Relativamente às alterações climáticas e à possível violação de uma convenção internacional, “o grande problema é quando há várias causas e não só uma em específico, isto porque um Estado num tema destes tem uma responsabilidade limitada, porque é uma causa mais ampla e muitas vezes os Estados escapam-se assim”. O sócio da PLMJ dá o exemplo dos processos judiciais relacionados com a indústria do tabaco, onde é preciso um grau de certeza que vai além da dúvida razoável para condenar as tabaqueiras”.

Outro exemplo é o dos atrasos na justiça, que tem levado já a “muitas condenações do Estado português no Tribunal Europeu dos Direitos do Homem porque viola convenções internacionais que indicam que a justiça deve ser célere”.

O advogado explica que se um Estado ratifica uma convenção onde garante que as crianças têm um crescimento saudável e em condições, “se há violação pode haver condenação”. No entanto, “é mais fácil se for uma violação por ação, como exemplo: se um país investir agora em centrais altamente poluentes e não em alternativas”. É, assim, “mais difícil quando é um caso onde há omissão de ações para evitar a trajetória atual”.
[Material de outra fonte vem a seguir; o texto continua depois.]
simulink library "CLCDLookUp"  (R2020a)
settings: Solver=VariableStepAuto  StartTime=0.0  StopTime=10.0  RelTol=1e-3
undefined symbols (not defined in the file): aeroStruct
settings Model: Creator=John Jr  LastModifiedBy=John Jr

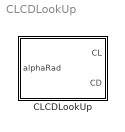
== system CLCDLookUp ==
  CLCDLookUp : Subsystem

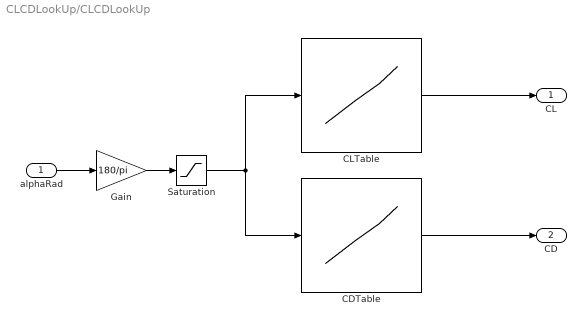
== system CLCDLookUp/CLCDLookUp ==
  alphaRad : Inport
  CDTable : Lookup_n-D  NumberOfTableDimensions=1  LookupTableObject=CLTable  BreakpointsForDimension1=aeroStruct.alpha  Table=aeroStruct.CD  ExtrapMethod=Clip  UseLastTableValue=on  InternalRulePriority=Speed  RndMeth=Simplest  InputSameDT=on
  CLTable : Lookup_n-D  NumberOfTableDimensions=1  LookupTableObject=CLTable  BreakpointsForDimension1=aeroStruct.alpha  Table=aeroStruct.CL  ExtrapMethod=Clip  UseLastTableValue=on  InternalRulePriority=Speed  RndMeth=Simplest  InputSameDT=on
  Gain : Gain  Gain=180/pi
  Saturation : Saturate  UpperLimit=90  LowerLimit=-90
  CL : Outport
  CD : Outport  Port=2
  wires:
  Gain/1 -> Saturation/1
  Saturation/1 -> CLTable/1, CDTable/1
  CDTable/1 -> CD/1
  alphaRad/1 -> Gain/1
  CLTable/1 -> CL/1
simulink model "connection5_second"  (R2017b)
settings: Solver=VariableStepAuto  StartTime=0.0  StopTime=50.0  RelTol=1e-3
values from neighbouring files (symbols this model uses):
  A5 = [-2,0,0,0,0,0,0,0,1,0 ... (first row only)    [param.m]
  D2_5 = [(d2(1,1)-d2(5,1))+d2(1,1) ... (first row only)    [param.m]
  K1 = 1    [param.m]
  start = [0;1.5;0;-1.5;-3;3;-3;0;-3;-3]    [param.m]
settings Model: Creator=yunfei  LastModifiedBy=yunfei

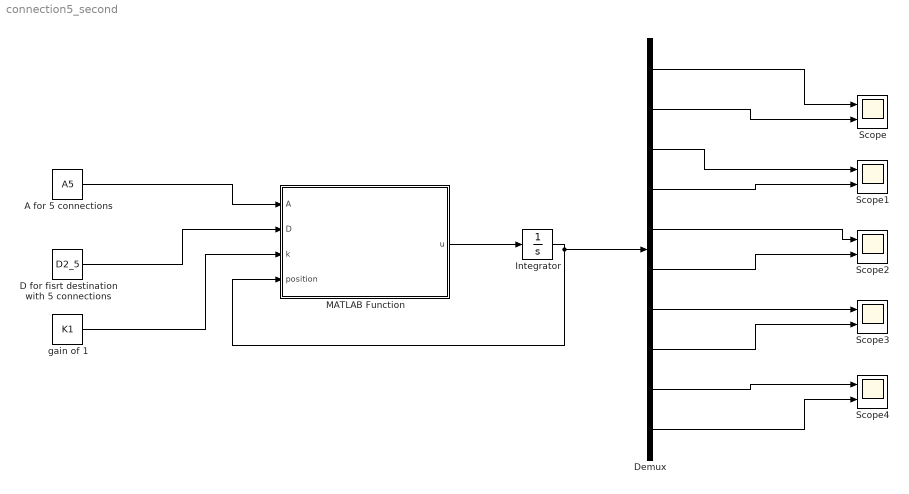
== system connection5_second ==
  A for 5 connections : Constant  Value=A5
  "D for fisrt destination with 5 connections " : Constant  Value=D2_5
  Demux : Demux  Outputs=10
  Integrator : Integrator  InitialCondition=start
  MATLAB Function : MATLAB Function  TreatAsAtomicUnit=on
  Scope{,1..4} (5 alike) : Scope  NumInputPorts=2
  gain of 1 : Constant  Value=K1
  wires:
  Demux/6 -> Scope2/2
  Demux/10 -> Scope4/2
  Demux/5 -> Scope2/1
  Demux/8 -> Scope3/2
  Integrator/1 -> MATLAB Function/4(position), Demux/1
  Demux/4 -> Scope1/2
  MATLAB Function/1(u) -> Integrator/1
  Demux/7 -> Scope3/1
  Demux/9 -> Scope4/1
  "D for fisrt destination with 5 connections "/1 -> MATLAB Function/2(D)
  Demux/1 -> Scope/1
  A for 5 connections/1 -> MATLAB Function/1(A)
  Demux/2 -> Scope/2
  Demux/3 -> Scope1/1
  gain of 1/1 -> MATLAB Function/3(k)

== matlab function connection5_second/MATLAB Function ==
  data: A input; u output; D input; k input; position input
function u = fcn(A, D, k, position)
    u = k.*A * position + D;
end
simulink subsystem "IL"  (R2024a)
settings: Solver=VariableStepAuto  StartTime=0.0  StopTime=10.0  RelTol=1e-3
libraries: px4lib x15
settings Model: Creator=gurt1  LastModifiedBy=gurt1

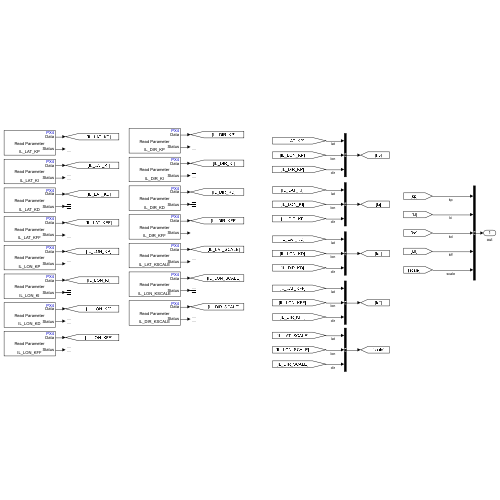
[thumbnail: Simulink's stored preview of the top-level diagram]
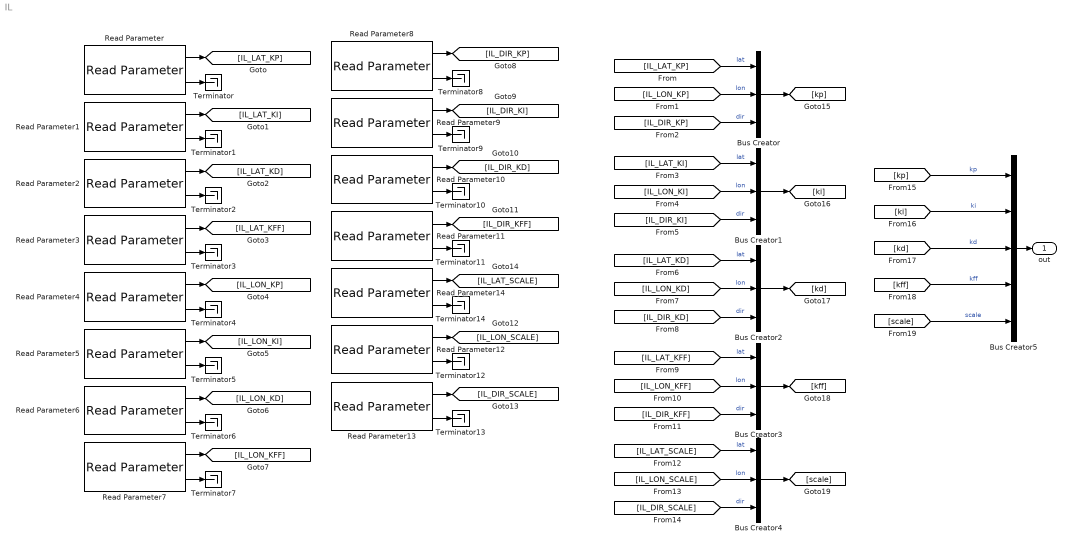
== system IL ==
  Bus Creator{,1..4} (5 alike) : BusCreator  Inputs=3
  Bus Creator5 : BusCreator  Inputs=5
  Read Parameter : px4lib/Read Parameter  ParameterName=IL_LAT_KP  DataType=FLOAT  SampleTime=-1
  Read Parameter1 : px4lib/Read Parameter  ParameterName=IL_LAT_KI  DataType=FLOAT  SampleTime=-1
  Read Parameter10 : px4lib/Read Parameter  ParameterName=IL_DIR_KD  DataType=FLOAT  SampleTime=-1
  Read Parameter11 : px4lib/Read Parameter  ParameterName=IL_DIR_KFF  DataType=FLOAT  SampleTime=-1
  Read Parameter12 : px4lib/Read Parameter  ParameterName=IL_LON_KSCALE  DataType=FLOAT  SampleTime=-1
  Read Parameter13 : px4lib/Read Parameter  ParameterName=IL_DIR_KSCALE  DataType=FLOAT  SampleTime=-1
  Read Parameter14 : px4lib/Read Parameter  ParameterName=IL_LAT_KSCALE  DataType=FLOAT  SampleTime=-1
  Read Parameter2 : px4lib/Read Parameter  ParameterName=IL_LAT_KD  DataType=FLOAT  SampleTime=-1
  Read Parameter3 : px4lib/Read Parameter  ParameterName=IL_LAT_KFF  DataType=FLOAT  SampleTime=-1
  Read Parameter4 : px4lib/Read Parameter  ParameterName=IL_LON_KP  DataType=FLOAT  SampleTime=-1
  Read Parameter5 : px4lib/Read Parameter  ParameterName=IL_LON_KI  DataType=FLOAT  SampleTime=-1
  Read Parameter6 : px4lib/Read Parameter  ParameterName=IL_LON_KD  DataType=FLOAT  SampleTime=-1
  Read Parameter7 : px4lib/Read Parameter  ParameterName=IL_LON_KFF  DataType=FLOAT  SampleTime=-1
  Read Parameter8 : px4lib/Read Parameter  ParameterName=IL_DIR_KP  DataType=FLOAT  SampleTime=-1
  Read Parameter9 : px4lib/Read Parameter  ParameterName=IL_DIR_KI  DataType=FLOAT  SampleTime=-1
  Terminator{,1..14} (15 alike) : Terminator
  out : Outport
  wires:
  [IL_LON_KFF] -> Bus Creator3/2  "lon"
  Read Parameter6/2 -> Terminator6/1
  Read Parameter12/2 -> Terminator12/1
  [IL_DIR_SCALE] -> Bus Creator4/3  "dir"
  [ki] -> Bus Creator5/2  "ki"
  Read Parameter13/1 -> [IL_DIR_SCALE]
  Read Parameter1/1 -> [IL_LAT_KI]
  Read Parameter1/2 -> Terminator1/1
  Read Parameter11/2 -> Terminator11/1
  Bus Creator1/1 -> [ki]
  Read Parameter/2 -> Terminator/1
  [scale] -> Bus Creator5/5  "scale"
  Read Parameter14/2 -> Terminator14/1
  [IL_LAT_KFF] -> Bus Creator3/1  "lat"
  Read Parameter/1 -> [IL_LAT_KP]
  Read Parameter3/2 -> Terminator3/1
  [IL_LON_KP] -> Bus Creator/2  "lon"
  Read Parameter6/1 -> [IL_LON_KD]
  Read Parameter13/2 -> Terminator13/1
  Read Parameter5/2 -> Terminator5/1
  [IL_LON_KD] -> Bus Creator2/2  "lon"
  Read Parameter4/2 -> Terminator4/1
  [IL_DIR_KP] -> Bus Creator/3  "dir"
  Read Parameter7/1 -> [IL_LON_KFF]
  Read Parameter2/1 -> [IL_LAT_KD]
  [IL_LAT_KI] -> Bus Creator1/1  "lat"
  [IL_DIR_KFF] -> Bus Creator3/3  "dir"
  Read Parameter2/2 -> Terminator2/1
  [IL_LAT_KP] -> Bus Creator/1  "lat"
  Read Parameter7/2 -> Terminator7/1
  Read Parameter4/1 -> [IL_LON_KP]
  Read Parameter5/1 -> [IL_LON_KI]
  Bus Creator5/1 -> out/1
  Read Parameter11/1 -> [IL_DIR_KFF]
  Read Parameter3/1 -> [IL_LAT_KFF]
  Read Parameter9/2 -> Terminator9/1
  Read Parameter10/1 -> [IL_DIR_KD]
  Read Parameter9/1 -> [IL_DIR_KI]
  Bus Creator2/1 -> [kd]
  Read Parameter8/1 -> [IL_DIR_KP]
  Read Parameter12/1 -> [IL_LON_SCALE]
  [IL_DIR_KD] -> Bus Creator2/3  "dir"
  Read Parameter8/2 -> Terminator8/1
  [IL_LAT_KD] -> Bus Creator2/1  "lat"
  [IL_LON_SCALE] -> Bus Creator4/2  "lon"
  Read Parameter10/2 -> Terminator10/1
  [kd] -> Bus Creator5/3  "kd"
  Read Parameter14/1 -> [IL_LAT_SCALE]
  Bus Creator3/1 -> [kff]
  [IL_DIR_KI] -> Bus Creator1/3  "dir"
  Bus Creator/1 -> [kp]
  [IL_LON_KI] -> Bus Creator1/2  "lon"
  [kff] -> Bus Creator5/4  "kff"
  [IL_LAT_SCALE] -> Bus Creator4/1  "lat"
  Bus Creator4/1 -> [scale]
  [kp] -> Bus Creator5/1  "kp"
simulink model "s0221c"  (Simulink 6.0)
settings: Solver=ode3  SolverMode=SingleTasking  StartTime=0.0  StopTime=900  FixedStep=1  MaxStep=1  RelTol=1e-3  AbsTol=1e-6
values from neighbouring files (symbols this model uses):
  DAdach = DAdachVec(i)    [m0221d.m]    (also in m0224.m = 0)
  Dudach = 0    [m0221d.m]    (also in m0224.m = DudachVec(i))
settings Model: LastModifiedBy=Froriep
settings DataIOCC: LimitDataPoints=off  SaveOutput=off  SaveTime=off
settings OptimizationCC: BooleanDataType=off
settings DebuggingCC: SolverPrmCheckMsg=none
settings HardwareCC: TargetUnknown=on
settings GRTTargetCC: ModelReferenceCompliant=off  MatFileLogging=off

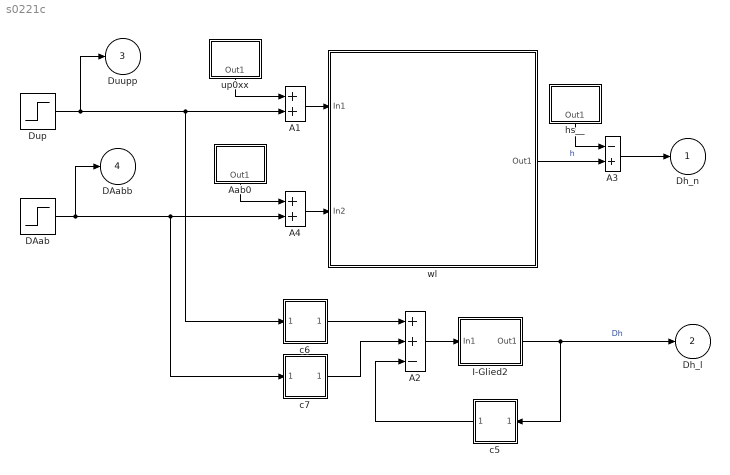
== system s0221c ==
  A1 : Sum  SaturateOnIntegerOverflow=on  InputSameDT=on
  A2 : Sum  Inputs=++-  SaturateOnIntegerOverflow=on  InputSameDT=on
  A3 : Sum  Inputs=-+  SaturateOnIntegerOverflow=on  InputSameDT=on
  A4 : Sum  SaturateOnIntegerOverflow=on  InputSameDT=on
  Aab0 : Subsystem  Orientation=down  mask(Konstante){@1=Aab0}
      mask prompts: @1 "Wert"
      mask help: Konstante
      mask init:
      | Konst=@1;
      mask Display: disp('Aab0')
  DAab : Step  Time=50  After=DAdach  SampleTime=0
  Dup : Step  Time=50  After=Dudach  SampleTime=0
  I-Glied2 : Subsystem  mask(I-Glied){@1=0}
      mask prompts: @1 "Anfangswert"
      mask help: I-Glied
      mask init:
      | x0=@1;
      mask Display: disp('I-Glied')
  c5 : Subsystem  Orientation=left  mask(P-Glied){@1=a0}
      mask prompts: @1 "Beiwert"
      mask help: P-Glied
      mask init:
      | Kp=@1;
      mask Display: disp('a0')
  c6 : Subsystem  mask(P-Glied){@1=b01}
      mask prompts: @1 "Beiwert"
      mask help: P-Glied
      mask init:
      | Kp=@1;
      mask Display: disp('b01')
  c7 : Subsystem  mask(P-Glied){@1=b02}
      mask prompts: @1 "Beiwert"
      mask help: P-Glied
      mask init:
      | Kp=@1;
      mask Display: disp('b02')
  hs__ : Subsystem  Orientation=down  mask(Konstante){@1=hs}
      mask prompts: @1 "Wert"
      mask help: Konstante
      mask init:
      | Konst=@1;
      mask Display: disp('hs')
  up0xx : Subsystem  Orientation=down  mask(Konstante){@1=up0}
      mask prompts: @1 "Wert"
      mask help: Konstante
      mask init:
      | Konst=@1;
      mask Display: disp('up0')
  wl : Subsystem
      mask Display: disp('Nichtlineares\nFüllstandsmodell')
  Dh_n : Outport
  Dh_l : Outport  Port=2
  Duupp : Outport  Port=3
  DAabb : Outport  Port=4
  wires:
  Aab0/1(Out1) -> A4/1
  up0xx/1(Out1) -> A1/1
  hs__/1(Out1) -> A3/1
  A3/1 -> Dh_n/1
  A1/1 -> wl/1(In1)
  A4/1 -> wl/2(In2)
  A2/1 -> I-Glied2/1(In1)
  c5/1(Out1) -> A2/3
  c6/1(Out1) -> A2/1
  c7/1(Out1) -> A2/2
  I-Glied2/1(Out1) -> Dh_l/1, c5/1(In1)  "Dh"
  Dup/1 -> A1/2, c6/1(In1), Duupp/1
  DAab/1 -> A4/2, c7/1(In1), DAabb/1
  wl/1(Out1) -> A3/2  "h"

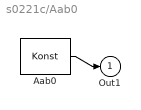
== system s0221c/Aab0 ==
  Aab0 : Constant  Value=Konst
  Out1 : Outport
  wires:
  Aab0/1 -> Out1/1

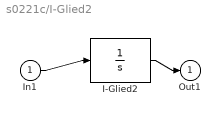
== system s0221c/I-Glied2 ==
  In1 : Inport  Port=1  LatchInput=off
  I-Glied2 : Integrator  InitialCondition=x0
  Out1 : Outport
  wires:
  In1/1 -> I-Glied2/1
  I-Glied2/1 -> Out1/1

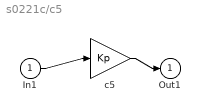
== system s0221c/c5 ==
  In1 : Inport  Port=1  LatchInput=off
  c5 : Gain  Gain=Kp  SaturateOnIntegerOverflow=on
  Out1 : Outport
  wires:
  In1/1 -> c5/1
  c5/1 -> Out1/1

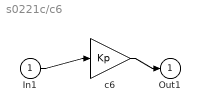
== system s0221c/c6 ==
  In1 : Inport  Port=1  LatchInput=off
  c6 : Gain  Gain=Kp  SaturateOnIntegerOverflow=on
  Out1 : Outport
  wires:
  In1/1 -> c6/1
  c6/1 -> Out1/1

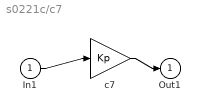
== system s0221c/c7 ==
  In1 : Inport  Port=1  LatchInput=off
  c7 : Gain  Gain=Kp  SaturateOnIntegerOverflow=on
  Out1 : Outport
  wires:
  In1/1 -> c7/1
  c7/1 -> Out1/1

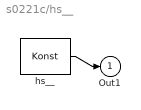
== system s0221c/hs__ ==
  hs__ : Constant  Value=Konst
  Out1 : Outport
  wires:
  hs__/1 -> Out1/1

== system s0221c/up0xx ==
  up0xx : Constant  Value=Konst
  Out1 : Outport
  wires:
  up0xx/1 -> Out1/1

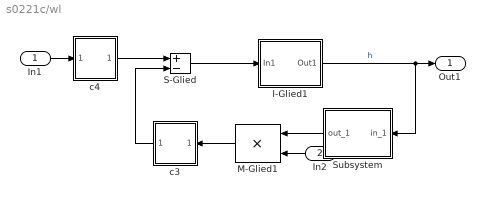
== system s0221c/wl ==
  In1 : Inport  Port=1  LatchInput=off
  In2 : Inport  Orientation=left  Port=2  LatchInput=off
  I-Glied1 : Subsystem  mask(I-Glied){@1=0}
      mask prompts: @1 "Anfangswert"
      mask help: I-Glied
      mask init:
      | x0=@1;
      mask Display: disp('I-Glied')
  M-Glied1 : Product  Orientation=left  SaturateOnIntegerOverflow=on  RndMeth=Zero  InputSameDT=on
  S-Glied : Sum  Inputs=+-  SaturateOnIntegerOverflow=on  InputSameDT=on
  Subsystem : Subsystem  Orientation=left
      mask Display: disp('Wurzel')
  c3 : Subsystem  Orientation=left  mask(P-Glied){@1=c1}
      mask prompts: @1 "Beiwert"
      mask help: P-Glied
      mask init:
      | Kp=@1;
      mask Display: disp('c1')
  c4 : Subsystem  mask(P-Glied){@1=c2}
      mask prompts: @1 "Beiwert"
      mask help: P-Glied
      mask init:
      | Kp=@1;
      mask Display: disp('c2')
  Out1 : Outport
  wires:
  I-Glied1/1(Out1) -> Subsystem/1(in_1), Out1/1  "h"
  c3/1(Out1) -> S-Glied/2
  Subsystem/1(out_1) -> M-Glied1/1
  M-Glied1/1 -> c3/1(In1)
  S-Glied/1 -> I-Glied1/1(In1)
  c4/1(Out1) -> S-Glied/1
  In1/1 -> c4/1(In1)
  In2/1 -> M-Glied1/2

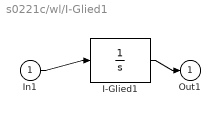
== system s0221c/wl/I-Glied1 ==
  In1 : Inport  Port=1  LatchInput=off
  I-Glied1 : Integrator  InitialCondition=x0
  Out1 : Outport
  wires:
  In1/1 -> I-Glied1/1
  I-Glied1/1 -> Out1/1

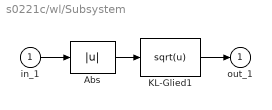
== system s0221c/wl/Subsystem ==
  in_1 : Inport  Port=1  LatchInput=off
  Abs : Abs  SaturateOnIntegerOverflow=on
  KL-Glied1 : Fcn  Expr=sqrt(u)
  out_1 : Outport
  wires:
  KL-Glied1/1 -> out_1/1
  in_1/1 -> Abs/1
  Abs/1 -> KL-Glied1/1

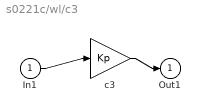
== system s0221c/wl/c3 ==
  In1 : Inport  Port=1  LatchInput=off
  c3 : Gain  Gain=Kp  SaturateOnIntegerOverflow=on
  Out1 : Outport
  wires:
  In1/1 -> c3/1
  c3/1 -> Out1/1

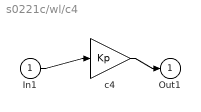
== system s0221c/wl/c4 ==
  In1 : Inport  Port=1  LatchInput=off
  c4 : Gain  Gain=Kp  SaturateOnIntegerOverflow=on
  Out1 : Outport
  wires:
  In1/1 -> c4/1
  c4/1 -> Out1/1

Resumo da ação: Jovens vs Crise Climática

Um total de 16 jovens menores de idade, onde está a própria Greta Thunberg, anunciaram que vão colocar uma ação judicial contra cinco países a propósito da sua inação em relação às alterações climáticas. Em causa está o que os jovens – e os seus representantes legais – indicam ser uma violação da Convenção Internacional sobre os Direitos da Criança, ratificada por 45 países – curiosamente ‘países poluentes’ como os EUA, Índia ou China não ratificaram o acordo.

A convenção assinada há quase 30 anos (em novembro de 1989) comprometeu os signatários a garantirem os direitos à saúde e bem-estar às crianças. “Cada um de nós viu esses direitos violados e negados e os nossos futuros estão em vias de ser destruídos”, disse no dia da apresentação da ação a jovem Alexandria Villaseño.

A queixa sem precedentes junta 16 jovens de 12 países, com idades entre os oito e os 17 anos e tem a ajuda “pro bono” do escritório de advocacia internacional Hausfeld e ainda o apoio da UNICEF. Os países envolvidos na ação judicial são: Alemanha, França, Argentina, Brasil e Turquia – todos eles ratificaram o acordo.

E como é possível uma queixa deste tipo? Está incluída no chamado “protocolo opcional”, algo que existe desde 2014 associado à convenção e que permite que as crianças possam registar uma queixa junto do Comité dos Direitos da Criança da ONU se acreditarem que os seus direitos estão a ser violados. Um Comité vai agora investigar as alegadas violações e, depois, pode fazer recomendações aos Estados para que sejam tomadas medidas.